Viele Diskussionen gibt es auch um die Luftrettung im Land. Derzeit sind in Baden-Württemberg acht Hubschrauber stationiert, nur der in Villingen-Schwenningen fliegt auch nachts. Immer wieder entbrennt Streit um mögliche zusätzliche Standorte und Flugzeiten. Fakt ist: Im vergangenen Jahr ist die Zahl der Einsätze um 400 auf 12 950 zurückgegangen – vorwiegend, weil es weniger Flüge zur Verlegung von Patienten gegeben hat. Knapp ein Fünftel der Einsätze ist aber gar nicht von den im Land stationierten Hubschraubern absolviert worden, sondern von Bayern oder der Schweiz aus. Das entspräche ungefähr zwei zusätzlichen Standorten.

In der nächsten Woche will das Innenministerium nach Informationen unserer Zeitung die Ergebnisse eines Strukturgutachtens vorlegen. Darin geht es um die Standortwahl nach „einsatztaktischen, aber auch wirtschaftlichen Gesichtspunkten“, so der Sprecher. Besonders berücksichtigt werde ferner „die Entwicklung der Krankenhausstruktur und der ländliche Raum mit seinen Herausforderungen“.

Leitstellen im Fokus

Viele Experten fordern seit Jahren, dass sich die Zahl der 35 Leitstellen im Land deutlich verringern müsse – auf acht oder neun. Dort gehen Notrufe ein und die Einsätze werden koordiniert. Tatsächlich hat das Innenministerium im Dezember 2016 das „Projekt Leitstellenstruktur in Baden-Württemberg“ aus der Taufe gehoben. Auf der dazugehörigen Internetseite findet sich zuletzt im Dezember 2017ein Eckpunktepapier, das vage bleibt und keine Zahlen nennt. Kein Wunder – jeder betroffene Landkreis dürfte gegen den Verlust seiner Leitstelle ankämpfen.
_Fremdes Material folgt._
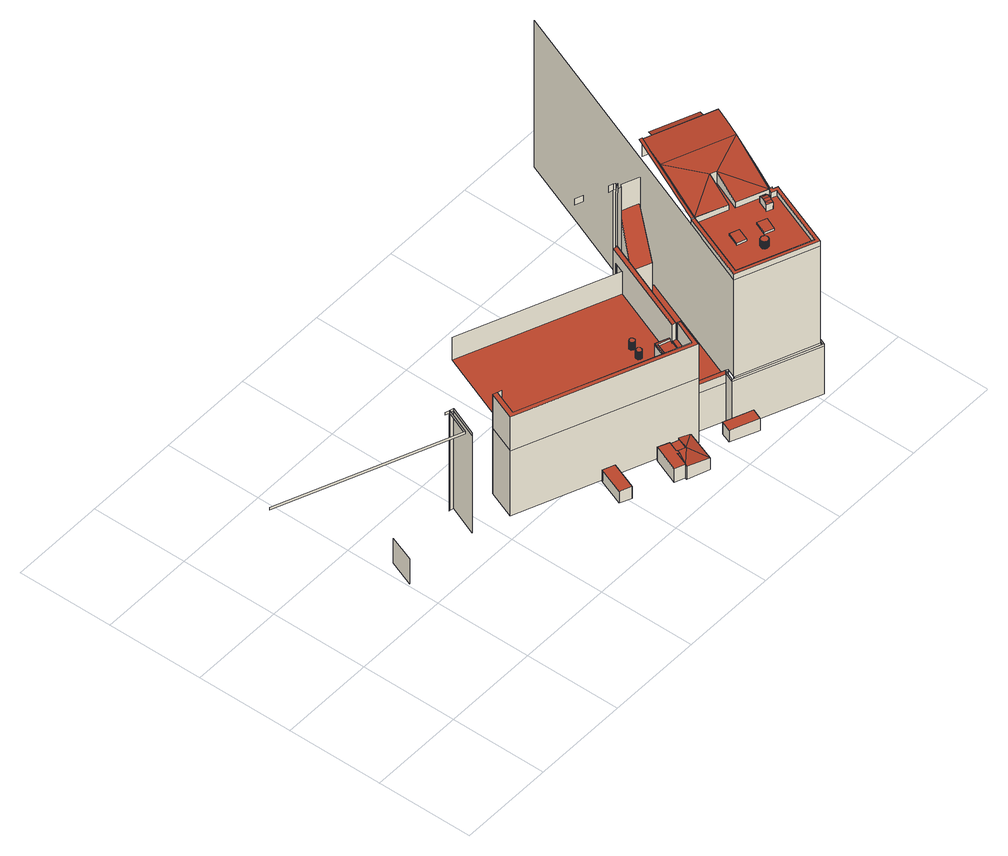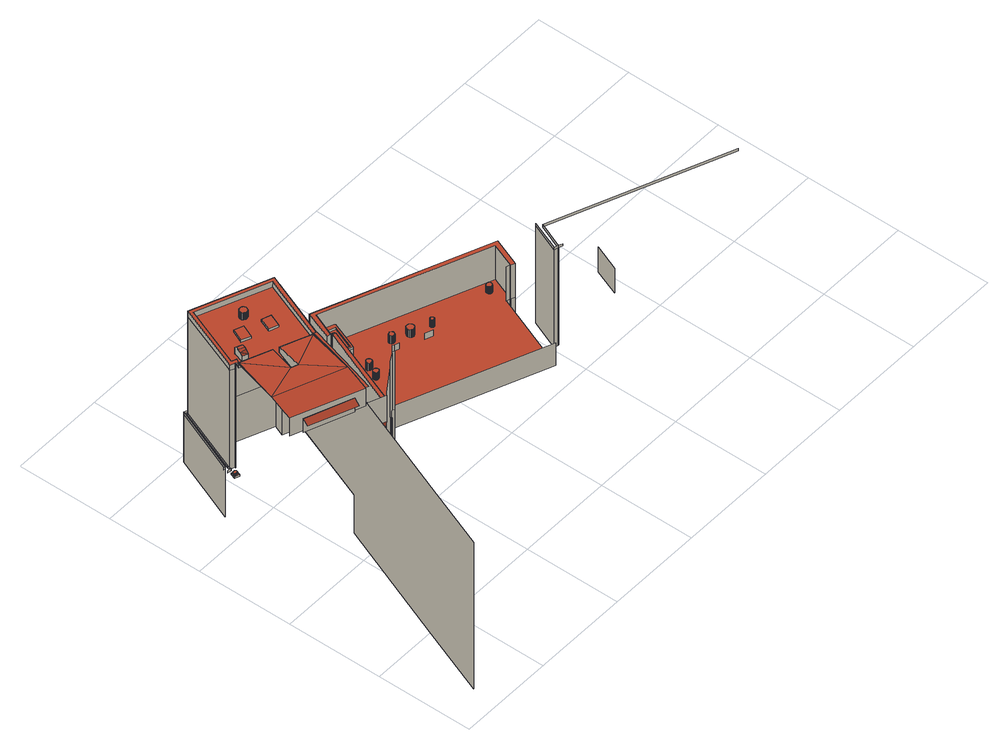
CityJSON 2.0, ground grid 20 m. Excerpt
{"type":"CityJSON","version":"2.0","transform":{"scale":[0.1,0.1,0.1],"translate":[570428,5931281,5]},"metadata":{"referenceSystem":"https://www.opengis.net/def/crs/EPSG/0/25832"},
"CityObjects":{
"building1":{"type":"Building","attributes":{"Grundfläche 2D":"7410.636134","Grundhöhe NN":"5.742"},"geometry":[{"type":"MultiSurface","lod":"3","boundaries":[[[0,1,2,3]],[[4,5,6,7]],[[7,8,9,4]],[[10,11,12,13]],[[11,10,14,15]],[[16,17,18,19]],[[17,9,20,21]],[[9,11,15,20]],[[11,9,8,12]]],"semantics":{"surfaces":[{"type":"WallSurface"}],"values":[0,0,0,0,0,0,0,0,0]}}]},
"building2":{"type":"Building","attributes":{"Grundfläche 2D":"4668.682245","Grundhöhe NN":"5.746"},"children":["building2-1","building2-2","building2-3","building2-4","building2-5","building2-6","building2-7","building2-8","building2-9","building2-10","building2-11","building2-12","building2-13","building2-14","building2-15","building2-16","building2-17"],"geometry":[{"type":"MultiSurface","lod":"3","boundaries":[[[22,23,24,25]],[[23,22,26,27]],[[28,29,30,31]],[[23,31,32,24]],[[31,23,27,28]],[[31,33,34,32]],[[33,35,36,37]],[[38,36,35,39]],[[22,40,41,26]],[[41,42,43,44,45,29,28,27,26]],[[46,47,39,35,33,31,30,48,49,50]],[[51,52,53,54,55]],[[51,56,57,52]],[[58,54,53,59]],[[60,61,54,58]],[[55,54,61,62]],[[48,30,29,45,63,64,65]],[[62,61,60,66]],[[67,68,69,40,22,25,70,71]],[[66,60,72,73]],[[74,56,51,55,62,66,73,75,76,77]],[[72,60,78]],[[79,80,78,60]],[[81,58,59,82]],[[73,72,78,75]],[[60,58,81,79]],[[75,78,80,76]],[[77,76,80,83,84]],[[74,85,86,57,56]],[[79,87,83,80]],[[77,84,85,74]],[[87,88,85,84,83]],[[85,88,89,86]],[[87,79,71,70,89,88]],[[79,81,67]],[[67,81,82,68]],[[71,79,67]],[[65,90,49,48]],[[44,91,63,45]],[[92,93,94,95,40,69,96]],[[97,98,99,90,65,100,101,102,103]],[[41,40,95,43,42]],[[50,49,90,99]],[[104,105,106,107,97,103]],[[101,108,109,102]],[[110,111,47,46]],[[109,108,95,94,112,113]],[[108,101,91,44,43,95]],[[114,92,96,115]],[[116,117,118,119]],[[120,121,122,123,124,125]],[[114,115,126,122,121,120,127,128]],[[102,109,129,130,106,105]],[[128,127,120,131,132,133]],[[131,120,125,134]],[[50,99,135,136,98,97,107,137,138,139,140,110,46]],[[137,107,106,130,141]],[[142,143,144,145,146]],[[147,148,149,150]],[[151,152,153,154,155,156,157,158]],[[122,159,160,123]],[[129,109,113,161]],[[119,162,163,116]],[[154,164,165,155]],[[94,93,92,114,128,133,166,167,168,169,170,171,172,173,161,113,112]],[[142,174,175,143]],[[154,118,117,176,164]],[[159,122,126,177]],[[178,179,180,181]],[[179,138,137]],[[158,182,183,184]],[[179,185,186,180]],[[141,187,185,179,137]],[[182,158,145]],[[188,182,145]],[[189,183,182]],[[130,129,161,173,190,191,187,141]],[[145,192,188]],[[188,193,189,182]],[[144,194,192,145]],[[168,167,166,133,132,131,134,195,118,154,153,152,151,196,197,198,199,200]],[[173,172,201,202]],[[156,155,165,203,204,205,206,207,208,209,210,211,174,142,146,145,158,157]],[[171,212,213,214,201,172]],[[192,215,188]],[[216,190,173,202,214,213]],[[117,116,163,217,218,219,176]],[[212,171,170,220]],[[143,175,221,222,223,224,225,226,194,144]],[[227,213,212,220,228]],[[188,215,193]],[[174,211,221,175]],[[229,184,183,189,230,231,232,233]],[[234,235,228,220,170,169]],[[162,236,217,163]],[[159,237,238,160]],[[169,168,200,234]],[[230,189,193,231]],[[215,192,194,226]],[[239,240,241,242,227,228,235]],[[243,244,225,224]],[[224,223,245,243]],[[237,159,177,246]],[[164,247,248,249,205,204,203,165]],[[244,243,250]],[[244,215,226,225]],[[250,243,245]],[[218,251,252,249,248,247,164,176,219]],[[223,222,210,209,245]],[[211,210,222,221]],[[208,250,245,209]],[[208,207,253,254]],[[255,256,207,206]],[[255,257,258,256]],[[249,252,259,257,255]],[[249,255,206,205]],[[218,217,236,251]],[[208,254,260]],[[261,259,252,262]],[[237,263,264,238]],[[193,215,244,265]],[[265,244,250]],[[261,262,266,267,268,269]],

Die letzte Meldung findet sich im vergangenen September in einer Antwort auf eine SPD-Landtagsanfrage. Darin schreibt das Ministerium: „Aus Sicht des Landes ist eine gemeinsame Integrierte Leitstelle mehrerer Landkreise auch zukünftig nicht ausgeschlossen.“ Jetzt teilt man mit, das Eckpunktepapier diene „als Grundlage für künftige Standortentscheidungen“. Es konzentriere sich auf Qualität, Ausfallsicherheit, Effizienz und einheitliche Technik. Die Zahl der Leitstellen schreibe man nicht fest.